Come è nato il progetto? Chi ha prodotto la serie?
La serie è una campagna di sensibilizzazione contro la violenza maschile sulle donne. È stata finanziata dall’Unione Europea tramite il Dipartimento delle Pari Opportunità e prodotta da due società indipendenti (Fish Eye e Arim Video). Io sono stata chiamata da una persona che lavora spesso con clienti istituzionali su campagne di comunicazione sociale. Sono stata coinvolta dall’inizio, quando il Dipartimento doveva concorrere a un bando europeo per ottenere il finanziamento al progetto.

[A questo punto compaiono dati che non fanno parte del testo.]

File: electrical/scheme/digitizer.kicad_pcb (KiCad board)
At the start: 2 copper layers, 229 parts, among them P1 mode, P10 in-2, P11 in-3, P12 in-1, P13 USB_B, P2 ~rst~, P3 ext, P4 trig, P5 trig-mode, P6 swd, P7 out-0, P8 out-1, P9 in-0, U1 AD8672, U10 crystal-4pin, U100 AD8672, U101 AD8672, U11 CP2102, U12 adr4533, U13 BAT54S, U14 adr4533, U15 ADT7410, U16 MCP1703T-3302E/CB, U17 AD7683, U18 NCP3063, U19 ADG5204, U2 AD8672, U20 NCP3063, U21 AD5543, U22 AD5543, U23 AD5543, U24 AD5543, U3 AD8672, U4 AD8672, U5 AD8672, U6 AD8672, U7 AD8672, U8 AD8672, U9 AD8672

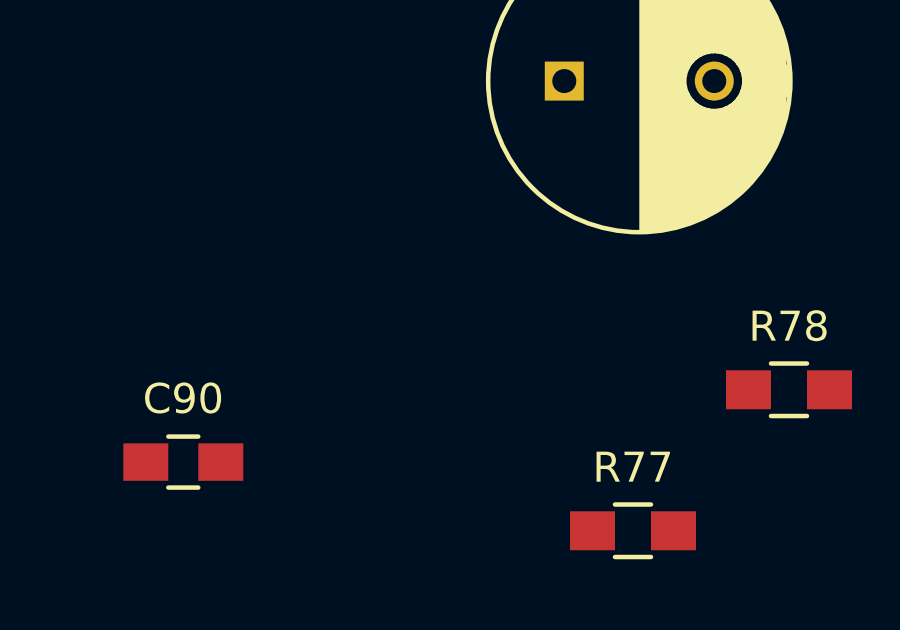
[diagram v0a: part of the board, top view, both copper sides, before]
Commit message: Added capacitors for making opamp driving capacitive load stable.
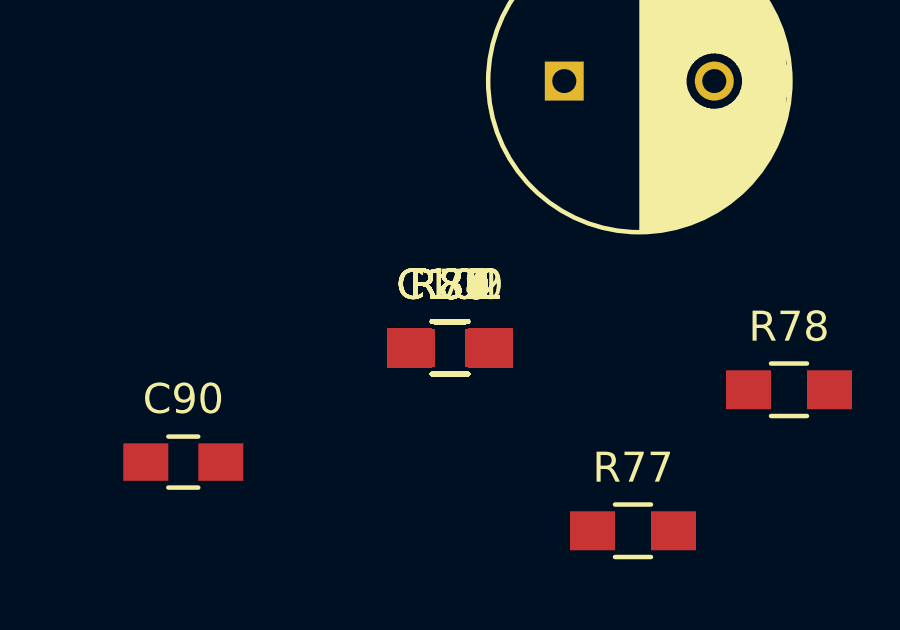
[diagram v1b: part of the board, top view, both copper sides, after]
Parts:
- added C100: 60p, Capacitors_SMD:C_0805_HandSoldering, F.Cu at (0.00, 0.00)
- added C101: 220p, Capacitors_SMD:C_0805_HandSoldering, F.Cu at (0.00, 0.00)
- added C102: 100p, Capacitors_SMD:C_0805_HandSoldering, F.Cu at (0.00, 0.00)
- added R79, R80, R81, R82, R83, R84, R85, R86, R87, R88, R89: 100 5%, Resistors_SMD:R_0805_HandSoldering, F.Cu at (0.00, 0.00)
- R15: value 50 5% -> 10 5%
- R77, R78: value 1k 5% -> 100 5%
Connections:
- R15 pad 1: Net-(R15-Pad1) -> Net-(C100-Pad2)
- R18 pad 2: Net-(R15-Pad1) -> Net-(C17-Pad1)
- R40 pad 2: Net-(R40-Pad2) -> Net-(P7-Pad1)
- R41 pad 2: Net-(R41-Pad2) -> Net-(P8-Pad1)
- R77 pad 1: Net-(R40-Pad2) -> Net-(C101-Pad2)
- R78 pad 1: Net-(R41-Pad2) -> Net-(C102-Pad2)
- U1 pad 7: Net-(R15-Pad1) -> Net-(C100-Pad2)
- U17 pad 5: /adc-cs -> Net-(R81-Pad2)
- U17 pad 6: /adc-miso -> Net-(R80-Pad2)
- U17 pad 7: /adc-sck -> Net-(R79-Pad2)
- U2 pad 7: Net-(R40-Pad2) -> Net-(C101-Pad2)
- U23 pad 1: /dac-v-0/sck -> /dac-v-1/sck
- U23 pad 2: /dac-v-0/mosi -> /dac-v-1/mosi
- U24 pad 1: /dac-v-0/sck -> /dac-v-1/sck
- U24 pad 2: /dac-v-0/mosi -> /dac-v-1/mosi
- U3 pad 7: Net-(R41-Pad2) -> Net-(C102-Pad2)
- stm321 pad 21: /dac-v-0/cs-2 -> /dac-cs-1
- stm321 pad 22: /dac-v-1/cs-1 -> /dac-cs-2
- stm321 pad 25: /dac-v-1/cs-2 -> /dac-cs-3
- stm321 pad 26: /dac-v-0/sck -> /dac-sck
- stm321 pad 28: /dac-v-0/mosi -> /dac-mosi
- stm321 pad 46: /dac-v-0/cs-1 -> /dac-cs-0

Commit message: a
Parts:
- added R90: 1k 5%, Resistors_SMD:R_0805_HandSoldering, F.Cu at (113.0, 150.0)
- added R91: 1k 5%, Resistors_SMD:R_0805_HandSoldering, F.Cu at (132.0, 150.0)
- added R92: 1k 5%, Resistors_SMD:R_0805_HandSoldering, F.Cu at (77.5, 141.5)
- added R93: 1k 5%, Resistors_SMD:R_0805_HandSoldering, F.Cu at (91.8, 143.2)
- moved P12 314.1 mm to (89.0, 161.5), turned to 180 degrees
- moved P11 279.4 mm to (127.5, 161.5), turned to 180 degrees
- moved P9 261.3 mm to (70.0, 161.5), turned to 180 degrees
- moved P7 254.3 mm to (151.0, 161.5), turned to 180 degrees
- moved P10 250.7 mm to (108.0, 161.5), turned to 180 degrees
- moved P8 250.4 mm to (170.0, 161.5), turned to 180 degrees
- moved C61 237.2 mm to (162.8, 122.8)
- moved C81 236.1 mm to (83.8, 145.0), turned to 180 degrees
- moved U100 234.3 mm to (84.5, 140.8)
- moved C83 234.0 mm to (85.8, 136.2)
- moved C62 220.6 mm to (156.8, 114.0), turned to 270 degrees
- moved C60 220.2 mm to (151.8, 119.2), turned to 180 degrees
- moved U4 219.3 mm to (73.0, 124.5)
- moved C53 213.1 mm to (141.8, 117.8)
- moved U101 212.4 mm to (138.8, 137.5)
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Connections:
- P10 pad 1: /in-2 -> Net-(P10-Pad1)
- P11 pad 1: /in-3 -> Net-(P11-Pad1)
- P12 pad 1: /in-1 -> Net-(P12-Pad1)
- P9 pad 1: /in-0 -> Net-(P9-Pad1)

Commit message: Inserted holding screw holes.
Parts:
- added P14: screw, Divers:douille_4mm, F.Cu at (172.5, 137.5)
- added P15: screw, Divers:douille_4mm, F.Cu at (67.5, 55.0)
- added P16: screw, Divers:douille_4mm, F.Cu at (172.5, 55.0)
- added P17: screw, Divers:douille_4mm, F.Cu at (67.5, 137.5)
- moved C40 163.0 mm to (67.5, 115.5)
- moved R46 27.0 mm to (76.5, 103.5), turned to 0 degrees
- moved C43 25.0 mm to (76.5, 106.0), turned to 0 degrees
- moved R47 24.0 mm to (66.0, 96.5), turned to 180 degrees
- moved C44 21.4 mm to (70.5, 97.0), turned to 270 degrees
- moved U4 20.6 mm to (71.0, 104.0), turned to 90 degrees
- moved R48 19.6 mm to (73.0, 97.0), turned to 90 degrees
- moved C42 18.8 mm to (65.5, 102.5), turned to 180 degrees
- moved R74 18.2 mm to (74.5, 148.0)
- moved R43 17.3 mm to (63.5, 117.0)
- moved R44 16.2 mm to (63.5, 112.0), turned to 270 degrees
- moved C45 16.2 mm to (76.5, 100.5), turned to 0 degrees
- moved R45 15.5 mm to (65.5, 105.0), turned to 0 degrees
- moved C41 14.8 mm to (67.5, 111.0), turned to 0 degrees
- moved C83 14.6 mm to (74.5, 145.5)
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
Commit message: a
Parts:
- moved C82 32.9 mm to (110.0, 144.5), turned to 0 degrees
- moved R72 31.9 mm to (110.0, 146.8), turned to 180 degrees
- moved U101 24.8 mm to (115.8, 146.8), turned to 90 degrees
- moved R71 18.7 mm to (121.2, 146.5), turned to 180 degrees
- moved R50 17.9 mm to (84.8, 130.8)
- moved C80 16.9 mm to (121.2, 148.8), turned to 180 degrees
- moved C49 16.6 mm to (92.2, 124.0)
- moved D1 16.4 mm to (63.2, 73.5), turned to 90 degrees
- moved R54 16.3 mm to (88.8, 115.0)
- moved R52 16.2 mm to (92.5, 121.5)
- moved R53 16.1 mm to (81.0, 126.0)
- moved U5 16.0 mm to (86.8, 122.0)
- moved C47 15.7 mm to (89.0, 129.2), turned to 0 degrees
- moved R49 15.7 mm to (84.8, 136.0)
- moved C48 15.4 mm to (81.2, 119.8)
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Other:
- board outline added: 120 x 120 mm

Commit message: a
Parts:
- moved R81 277.6 mm to (240.6, 115.6), turned to 180 degrees
- moved R80 270.9 mm to (240.6, 113.1), turned to 180 degrees
- moved C100 262.5 mm to (220.6, 113.6), turned to 90 degrees
- moved R79 260.8 mm to (240.6, 110.9), turned to 180 degrees
- moved C20 237.3 mm to (208.1, 113.6), turned to 270 degrees
- moved C16 230.8 mm to (232.4, 108.1), turned to 270 degrees
- moved C102 228.3 mm to (159.2, 143.5)
- moved C38 222.2 mm to (-119.2, 64.2)
- moved C71 218.5 mm to (142.0, 113.0)
- moved C30 215.2 mm to (133.8, 141.5), turned to 270 degrees
- moved C70 214.8 mm to (152.5, 117.0), turned to 180 degrees
- moved C19 214.3 mm to (210.4, 113.6), turned to 270 degrees
- moved C24 212.7 mm to (163.8, 139.8), turned to 180 degrees
- moved U2 212.0 mm to (142.5, 136.5), turned to 270 degrees
- moved C32 209.9 mm to (137.5, 139.8)
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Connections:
- U19 pad 10: /input-filter-attenuator-3/out -> /input-filter-attenuator-2/out
- U19 pad 11: /input-filter-attenuator-2/out -> /input-filter-attenuator-3/out
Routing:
- net /input-filter-attenuator-0/in: track 0.00 -> 35.9 mm
- net Net-(C50-Pad1): track 0.00 -> 28.2 mm
- net Net-(C44-Pad1): track 0.00 -> 27.6 mm
- net Net-(P12-Pad1): track 0.00 -> 14.4 mm
- net Net-(C46-Pad2): track 0.00 -> 13.1 mm
- net /in-0: track 0.00 -> 8.29 mm
- net Net-(C47-Pad1): track 0.00 -> 5.91 mm
- net Net-(C40-Pad2): track 0.00 -> 5.40 mm
- net Net-(P9-Pad1): track 0.00 -> 5.22 mm
- net /input-filter-attenuator-1/in: track 0.00 -> 4.93 mm
- net Net-(C51-Pad1): track 0.00 -> 4.58 mm
- net Net-(C46-Pad1): track 0.00 -> 4.44 mm
- net Net-(C45-Pad1): track 0.00 -> 4.43 mm
- net Net-(C43-Pad1): track 0.00 -> 4.41 mm
- net Net-(C41-Pad1): track 0.00 -> 4.40 mm
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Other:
- copper layers 2 -> 4

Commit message: a
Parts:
- moved C29 211.3 mm to (215.5, 81.0)
- moved C28 198.3 mm to (226.0, 85.5), turned to 180 degrees
- moved C35 132.5 mm to (219.0, 72.8)
- moved U19 132.5 mm to (226.0, 74.0)
- moved C34 132.2 mm to (233.0, 73.0)
- moved R18 99.7 mm to (223.2, 90.8)
- moved R31 90.1 mm to (226.0, 83.5)
- moved R32 86.0 mm to (215.5, 83.0)
- moved R25 34.3 mm to (226.0, 80.2), turned to 180 degrees
- moved C14 32.8 mm to (238.2, 84.2), turned to 90 degrees
- moved C19 28.1 mm to (215.5, 86.0), turned to 180 degrees
- moved C20 26.7 mm to (215.5, 88.0), turned to 180 degrees
- moved R33 25.6 mm to (219.0, 76.2)
- moved C17 25.4 mm to (228.0, 90.8), turned to 0 degrees
- moved C100 25.1 mm to (221.2, 88.5), turned to 0 degrees
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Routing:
- net Net-(C62-Pad1): track 0.00 -> 24.9 mm
- net Net-(C56-Pad1): track 0.00 -> 23.3 mm
- net Net-(P11-Pad1): track 0.00 -> 14.6 mm
- net /input-filter-attenuator-2/in: track 0.00 -> 13.9 mm
- net /in-2: track 0.00 -> 9.44 mm
- net Net-(C52-Pad2): track 0.00 -> 6.13 mm
- net Net-(C58-Pad2): track 0.00 -> 6.05 mm
- net Net-(C53-Pad1): track 0.00 -> 5.28 mm
- net Net-(P10-Pad1): track 0.00 -> 5.00 mm
- net Net-(C59-Pad1): track 0.00 -> 4.91 mm
- net Net-(C80-Pad2): track 0.00 -> 4.72 mm
- net Net-(C82-Pad2): track 0.00 -> 4.66 mm
- net Net-(C57-Pad1): track 0.00 -> 4.61 mm
- net Net-(C63-Pad1): track 0.00 -> 4.61 mm
- net Net-(C52-Pad1): track 0.00 -> 4.33 mm
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
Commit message: a
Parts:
- added R94: 100 5%, Resistors_SMD:R_0805_HandSoldering, F.Cu at (90.7, 100.5)
- added R95: 100 5%, Resistors_SMD:R_0805_HandSoldering, F.Cu at (99.0, 100.4)
- moved C14 135.1 mm to (106.7, 114.8)
- moved C15 135.1 mm to (102.2, 114.8)
- moved C16 135.1 mm to (104.2, 114.8)
- moved R79 135.1 mm to (111.2, 117.5)
- moved R80 135.1 mm to (111.2, 119.5)
- moved R81 135.1 mm to (111.2, 121.5)
- moved U17 135.1 mm to (104.3, 119.1)
- moved C34 134.5 mm to (102.3, 104.6)
- moved C35 134.5 mm to (88.3, 104.3)
- moved R33 134.5 mm to (88.3, 107.8)
- moved U19 134.5 mm to (95.3, 105.6)
- moved C100 133.8 mm to (91.0, 119.0)
- moved C19 133.8 mm to (85.2, 116.5)
- moved C20 133.8 mm to (85.2, 118.5)
- moved C28 133.8 mm to (95.8, 116.0)
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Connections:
- U19 pad 1: /adc-mux-0 -> Net-(R94-Pad1)
- U19 pad 14: /adc-mux-1 -> Net-(R95-Pad1)
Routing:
- net /input-filter-attenuator-1/out: track 3.58 -> 43.6 mm, vias 0 -> 2
- net /input-filter-attenuator-3/out: track 3.87 -> 39.0 mm, vias 0 -> 2
- net /input-filter-attenuator-2/out: track 3.87 -> 32.9 mm, vias 0 -> 2
- net /input-filter-attenuator-0/out: track 3.58 -> 31.7 mm, vias 0 -> 2
- net Net-(C100-Pad1): track 0.00 -> 16.9 mm
- net /dac-v-0/v-: track 0.00 -> 11.3 mm
- net Net-(C17-Pad1): track 0.00 -> 9.28 mm
- net Net-(C19-Pad1): track 0.00 -> 8.16 mm
- net Net-(R33-Pad1): track 0.00 -> 6.38 mm
- net Net-(C100-Pad2): track 0.00 -> 5.16 mm
- net Net-(C29-Pad2): track 0.00 -> 4.32 mm
- net Net-(C28-Pad2): track 0.00 -> 4.32 mm
- net /adc-ref: track 0.00 -> 4.18 mm
- net Net-(C44-Pad1): track 27.6 -> 31.7 mm
- net GNDA: track 2.00 -> 6.04 mm
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
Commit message: a
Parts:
- moved L5 394.7 mm to (275.0, 98.2), turned to 90 degrees
- moved C88 387.1 mm to (273.2, 92.4), turned to 180 degrees
- moved C39 385.5 mm to (268.0, 95.7), turned to 270 degrees
- moved C89 373.1 mm to (265.7, 85.9), turned to 0 degrees
- moved C90 373.0 mm to (273.2, 77.6), turned to 180 degrees
- moved C36 370.9 mm to (259.7, 86.8)
- moved C37 370.9 mm to (249.4, 86.5)
- moved C38 370.9 mm to (250.3, 94.7)
- moved D4 370.9 mm to (246.6, 80.3)
- moved L2 370.9 mm to (252.7, 75.3)
- moved R38 370.9 mm to (259.7, 81.8)
- moved R39 370.9 mm to (256.0, 90.5)
- moved R42 370.9 mm to (252.3, 90.5)
- moved U20 370.9 mm to (254.4, 84.2)
- moved C91 358.7 mm to (265.7, 71.9), turned to 0 degrees
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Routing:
- net Net-(P8-Pad1): track 0.00 -> 16.5 mm
- net Net-(P7-Pad1): track 0.00 -> 15.4 mm
- net Net-(C102-Pad1): track 0.00 -> 13.7 mm
- net Net-(C101-Pad1): track 0.00 -> 13.5 mm
- net Net-(R36-Pad1): track 0.00 -> 13.1 mm
- net Net-(R34-Pad1): track 0.00 -> 12.5 mm
- net GNDA: track 6.04 -> 14.0 mm
- net Net-(R23-Pad1): track 0.00 -> 5.83 mm
- net Net-(R21-Pad1): track 0.00 -> 5.62 mm
- net Net-(C101-Pad2): track 0.00 -> 4.50 mm
- net Net-(C24-Pad2): track 0.00 -> 4.36 mm
- net Net-(C58-Pad1): track 0.00 -> 4.35 mm
- net Net-(C102-Pad2): track 0.00 -> 4.23 mm
- net /dac-v-0/dac-ref: track 0.00 -> 4.23 mm
- net Net-(C26-Pad2): track 0.00 -> 4.09 mm

Ho fatto diverse riunioni col Dipartimento e coi suoi partner (le associazioni Dire e Maschile Plurale) per mettere a fuoco quale messaggio dovesse veicolare la serie e soprattutto quale NON dovesse veicolare, a chi dovesse rivolgersi, in che modo dovesse parlare eccetera. Alla fine ho elaborato due proposte di concept. Il Dipartimento e i partner ne hanno scelto uno. Eravamo a giugno 2013. A ottobre 2013 mi hanno chiamato e mi hanno detto che, con quel concept, avevamo vinto il finanziamento europeo (con il quale sono stata pagata anche io). Dal concept, arricchito e modificato, ho derivato i soggetti di puntata e poi le sceneggiature.
Io stessa, poi, ho suggerito Fish Eye e Arim Video come produttori, perché sapevo che avevano le competenze e l’affidabilità per affrontare il lavoro.
Il tema sociale è sempre un’arma a doppio taglio, le “pubblicità progresso” e alcuni prodotti di fiction spesso non colpiscono nel segno. Come hai affrontato questa sfida dal punto di vista della scrittura?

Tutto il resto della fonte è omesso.